- _ACTIVITY_:
Please return the lines below verbatim, beginning at the one that has "#71=ORIENTED_EDGE('',*,*,#70,.T.);" and stopping after the one that has "#87=EDGE_CURVE('E54',#86,#86,#84,.T.);", and add no other lines.

Items from a dataset
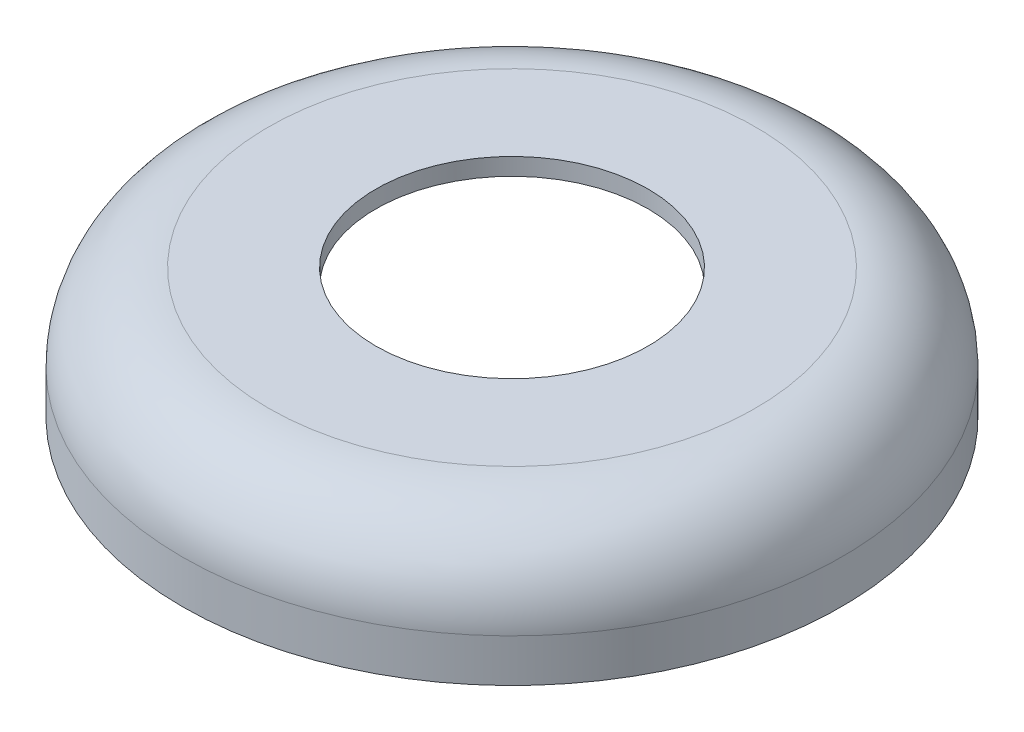
ISO-10303-21;
HEADER;
FILE_DESCRIPTION(('STEP AP214'),'2;1');
FILE_NAME('part.step','',(''),(''),'','','');
FILE_SCHEMA(('AUTOMOTIVE_DESIGN { 1 0 10303 214 1 1 1 1 }'));
ENDSEC;
DATA;
#1=APPLICATION_CONTEXT('core data for automotive mechanical design processes');
#2=APPLICATION_PROTOCOL_DEFINITION('international standard','automotive_design',2000,#1);
#3=PRODUCT_CONTEXT('',#1,'mechanical');
#4=PRODUCT('Part','Part','',(#3));
#5=PRODUCT_RELATED_PRODUCT_CATEGORY('part','',(#4));
#6=PRODUCT_DEFINITION_FORMATION('','',#4);
#7=PRODUCT_DEFINITION_CONTEXT('part definition',#1,'design');
#8=PRODUCT_DEFINITION('design','',#6,#7);
#9=PRODUCT_DEFINITION_SHAPE('','',#8);
#10=(LENGTH_UNIT() NAMED_UNIT(*) SI_UNIT(.MILLI.,.METRE.));
#11=(NAMED_UNIT(*) PLANE_ANGLE_UNIT() SI_UNIT($,.RADIAN.));
#12=(NAMED_UNIT(*) SI_UNIT($,.STERADIAN.) SOLID_ANGLE_UNIT());
#13=UNCERTAINTY_MEASURE_WITH_UNIT(LENGTH_MEASURE(1.E-05),#10,'distance_accuracy_value','');
#14=(GEOMETRIC_REPRESENTATION_CONTEXT(3) GLOBAL_UNCERTAINTY_ASSIGNED_CONTEXT((#13)) GLOBAL_UNIT_ASSIGNED_CONTEXT((#10,
#11,#12)) REPRESENTATION_CONTEXT('',''));
#15=CARTESIAN_POINT('',(0.,0.,0.));
#16=DIRECTION('',(0.,0.,1.));
#17=DIRECTION('',(1.,0.,0.));
#18=AXIS2_PLACEMENT_3D('',#15,#16,#17);
#19=CARTESIAN_POINT('',(0.,4.5,0.));
#20=DIRECTION('',(0.,-1.,0.));
#21=DIRECTION('',(0.,0.,-1.));
#22=AXIS2_PLACEMENT_3D('',#19,#20,#21);
#23=CYLINDRICAL_SURFACE('',#22,11.5);
#24=CARTESIAN_POINT('',(0.,1.5,0.));
#25=DIRECTION('',(0.,1.,0.));
#26=DIRECTION('',(0.,0.,1.));
#27=AXIS2_PLACEMENT_3D('',#24,#25,#26);
#28=CIRCLE('',#27,11.5);
#29=CARTESIAN_POINT('',(0.,1.5,11.5));
#30=VERTEX_POINT('',#29);
#31=EDGE_CURVE('E10',#30,#30,#28,.F.);
#32=ORIENTED_EDGE('',*,*,#31,.T.);
#33=EDGE_LOOP('',(#32));
#34=FACE_BOUND('',#33,.T.);
#35=CARTESIAN_POINT('',(0.,0.,0.));
#36=DIRECTION('',(0.,1.,0.));
#37=DIRECTION('',(0.,0.,1.));
#38=AXIS2_PLACEMENT_3D('',#35,#36,#37);
#39=CIRCLE('',#38,11.5);
#40=CARTESIAN_POINT('',(0.,0.,11.5));
#41=VERTEX_POINT('',#40);
#42=EDGE_CURVE('E48',#41,#41,#39,.T.);
#43=ORIENTED_EDGE('',*,*,#42,.T.);
#44=EDGE_LOOP('',(#43));
#45=FACE_BOUND('',#44,.T.);
#46=ADVANCED_FACE('F36',(#34,#45),#23,.T.);
#47=CARTESIAN_POINT('',(0.,4.5,0.));
#48=DIRECTION('',(0.,1.,0.));
#49=DIRECTION('',(0.,0.,1.));
#50=AXIS2_PLACEMENT_3D('',#47,#48,#49);
#51=PLANE('',#50);
#52=CARTESIAN_POINT('',(0.,4.5,0.));
#53=DIRECTION('',(0.,1.,0.));
#54=DIRECTION('',(0.,0.,1.));
#55=AXIS2_PLACEMENT_3D('',#52,#53,#54);
#56=CIRCLE('',#55,4.75);
#57=CARTESIAN_POINT('',(0.,4.5,4.75));
#58=VERTEX_POINT('',#57);
#59=EDGE_CURVE('E62',#58,#58,#56,.T.);
#60=ORIENTED_EDGE('',*,*,#59,.F.);
#61=EDGE_LOOP('',(#60));
#62=FACE_BOUND('',#61,.T.);
#63=CARTESIAN_POINT('',(0.,4.5,0.));
#64=DIRECTION('',(0.,1.,0.));
#65=DIRECTION('',(0.,0.,1.));
#66=AXIS2_PLACEMENT_3D('',#63,#64,#65);
#67=CIRCLE('',#66,8.5);
#68=CARTESIAN_POINT('',(0.,4.5,8.5));
#69=VERTEX_POINT('',#68);
#70=EDGE_CURVE('E44',#69,#69,#67,.T.);
#71=ORIENTED_EDGE('',*,*,#70,.T.);
#72=EDGE_LOOP('',(#71));
#73=FACE_BOUND('',#72,.T.);
#74=ADVANCED_FACE('F83',(#62,#73),#51,.T.);
#75=CARTESIAN_POINT('',(0.,0.,0.));
#76=DIRECTION('',(0.,1.,0.));
#77=DIRECTION('',(0.,0.,1.));
#78=AXIS2_PLACEMENT_3D('',#75,#76,#77);
#79=PLANE('',#78);
#80=CARTESIAN_POINT('',(0.,0.,0.));
#81=DIRECTION('',(0.,1.,0.));
#82=DIRECTION('',(0.,0.,1.));
#83=AXIS2_PLACEMENT_3D('',#80,#81,#82);
#84=CIRCLE('',#83,10.9);
#85=CARTESIAN_POINT('',(0.,0.,10.9));
#86=VERTEX_POINT('',#85);
#87=EDGE_CURVE('E54',#86,#86,#84,.T.);
#88=ORIENTED_EDGE('',*,*,#87,.T.);
#89=EDGE_LOOP('',(#88));
#90=FACE_BOUND('',#89,.T.);
#91=ORIENTED_EDGE('',*,*,#42,.F.);
#92=EDGE_LOOP('',(#91));
#93=FACE_BOUND('',#92,.T.);
#94=ADVANCED_FACE('F87',(#90,#93),#79,.F.);
#95=CARTESIAN_POINT('',(0.,1.5,0.));
#96=DIRECTION('',(0.,1.,0.));
#97=DIRECTION('',(0.,0.,1.));
#98=AXIS2_PLACEMENT_3D('',#95,#96,#97);
#99=TOROIDAL_SURFACE('',#98,8.5,3.);
#100=ORIENTED_EDGE('',*,*,#31,.F.);
#101=EDGE_LOOP('',(#100));
#102=FACE_BOUND('',#101,.T.);
#103=ORIENTED_EDGE('',*,*,#70,.F.);
#104=EDGE_LOOP('',(#103));
#105=FACE_BOUND('',#104,.T.);
#106=ADVANCED_FACE('F38',(#102,#105),#99,.T.);
#107=CARTESIAN_POINT('',(0.,4.5,0.));
#108=DIRECTION('',(0.,-1.,0.));
#109=DIRECTION('',(0.,0.,-1.));
#110=AXIS2_PLACEMENT_3D('',#107,#108,#109);
#111=CYLINDRICAL_SURFACE('',#110,10.9);
#112=CARTESIAN_POINT('',(0.,1.5,0.));
#113=DIRECTION('',(0.,-1.,0.));
#114=DIRECTION('',(0.,0.,-1.));
#115=AXIS2_PLACEMENT_3D('',#112,#113,#114);
#116=CIRCLE('',#115,10.9);
#117=CARTESIAN_POINT('',(0.,1.5,-10.9));
#118=VERTEX_POINT('',#117);
#119=EDGE_CURVE('E53',#118,#118,#116,.T.);
#120=ORIENTED_EDGE('',*,*,#119,.F.);
#121=EDGE_LOOP('',(#120));
#122=FACE_BOUND('',#121,.T.);
#123=ORIENTED_EDGE('',*,*,#87,.F.);
#124=EDGE_LOOP('',(#123));
#125=FACE_BOUND('',#124,.T.);
#126=ADVANCED_FACE('F96',(#122,#125),#111,.F.);
#127=CARTESIAN_POINT('',(0.,3.9,0.));
#128=DIRECTION('',(0.,1.,0.));
#129=DIRECTION('',(0.,0.,1.));
#130=AXIS2_PLACEMENT_3D('',#127,#128,#129);
#131=PLANE('',#130);
#132=CARTESIAN_POINT('',(0.,3.9,0.));
#133=DIRECTION('',(0.,1.,0.));
#134=DIRECTION('',(0.,0.,1.));
#135=AXIS2_PLACEMENT_3D('',#132,#133,#134);
#136=CIRCLE('',#135,4.75);
#137=CARTESIAN_POINT('',(0.,3.9,4.75));
#138=VERTEX_POINT('',#137);
#139=EDGE_CURVE('E40',#138,#138,#136,.T.);
#140=ORIENTED_EDGE('',*,*,#139,.T.);
#141=EDGE_LOOP('',(#140));
#142=FACE_BOUND('',#141,.T.);
#143=CARTESIAN_POINT('',(0.,3.9,0.));
#144=DIRECTION('',(0.,1.,0.));
#145=DIRECTION('',(0.,0.,1.));
#146=AXIS2_PLACEMENT_3D('',#143,#144,#145);
#147=CIRCLE('',#146,8.5);
#148=CARTESIAN_POINT('',(0.,3.9,8.5));
#149=VERTEX_POINT('',#148);
#150=EDGE_CURVE('E57',#149,#149,#147,.T.);
#151=ORIENTED_EDGE('',*,*,#150,.F.);
#152=EDGE_LOOP('',(#151));
#153=FACE_BOUND('',#152,.T.);
#154=ADVANCED_FACE('F69',(#142,#153),#131,.F.);
#155=CARTESIAN_POINT('',(0.,1.5,0.));
#156=DIRECTION('',(0.,1.,0.));
#157=DIRECTION('',(0.,0.,1.));
#158=AXIS2_PLACEMENT_3D('',#155,#156,#157);
#159=TOROIDAL_SURFACE('',#158,8.5,2.4);
#160=ORIENTED_EDGE('',*,*,#119,.T.);
#161=EDGE_LOOP('',(#160));
#162=FACE_BOUND('',#161,.T.);
#163=ORIENTED_EDGE('',*,*,#150,.T.);
#164=EDGE_LOOP('',(#163));
#165=FACE_BOUND('',#164,.T.);
#166=ADVANCED_FACE('F74',(#162,#165),#159,.F.);
#167=CARTESIAN_POINT('',(0.,0.,0.));
#168=DIRECTION('',(0.,1.,0.));
#169=DIRECTION('',(0.,0.,1.));
#170=AXIS2_PLACEMENT_3D('',#167,#168,#169);
#171=CYLINDRICAL_SURFACE('',#170,4.75);
#172=ORIENTED_EDGE('',*,*,#59,.T.);
#173=EDGE_LOOP('',(#172));
#174=FACE_BOUND('',#173,.T.);
#175=ORIENTED_EDGE('',*,*,#139,.F.);
#176=EDGE_LOOP('',(#175));
#177=FACE_BOUND('',#176,.T.);
#178=ADVANCED_FACE('F72',(#174,#177),#171,.F.);
#179=CLOSED_SHELL('',(#46,#74,#94,#106,#126,#154,#166,#178));
#180=MANIFOLD_SOLID_BREP('B2',#179);
#181=ADVANCED_BREP_SHAPE_REPRESENTATION('',(#18,#180),#14);
#182=SHAPE_DEFINITION_REPRESENTATION(#9,#181);
ENDSEC;
END-ISO-10303-21;

- _EXERCISE ANSWER_:
#71=ORIENTED_EDGE('',*,*,#70,.T.);
#72=EDGE_LOOP('',(#71));
#73=FACE_BOUND('',#72,.T.);
#74=ADVANCED_FACE('F83',(#62,#73),#51,.T.);
#75=CARTESIAN_POINT('',(0.,0.,0.));
#76=DIRECTION('',(0.,1.,0.));
#77=DIRECTION('',(0.,0.,1.));
#78=AXIS2_PLACEMENT_3D('',#75,#76,#77);
#79=PLANE('',#78);
#80=CARTESIAN_POINT('',(0.,0.,0.));
#81=DIRECTION('',(0.,1.,0.));
#82=DIRECTION('',(0.,0.,1.));
#83=AXIS2_PLACEMENT_3D('',#80,#81,#82);
#84=CIRCLE('',#83,10.9);
#85=CARTESIAN_POINT('',(0.,0.,10.9));
#86=VERTEX_POINT('',#85);
#87=EDGE_CURVE('E54',#86,#86,#84,.T.);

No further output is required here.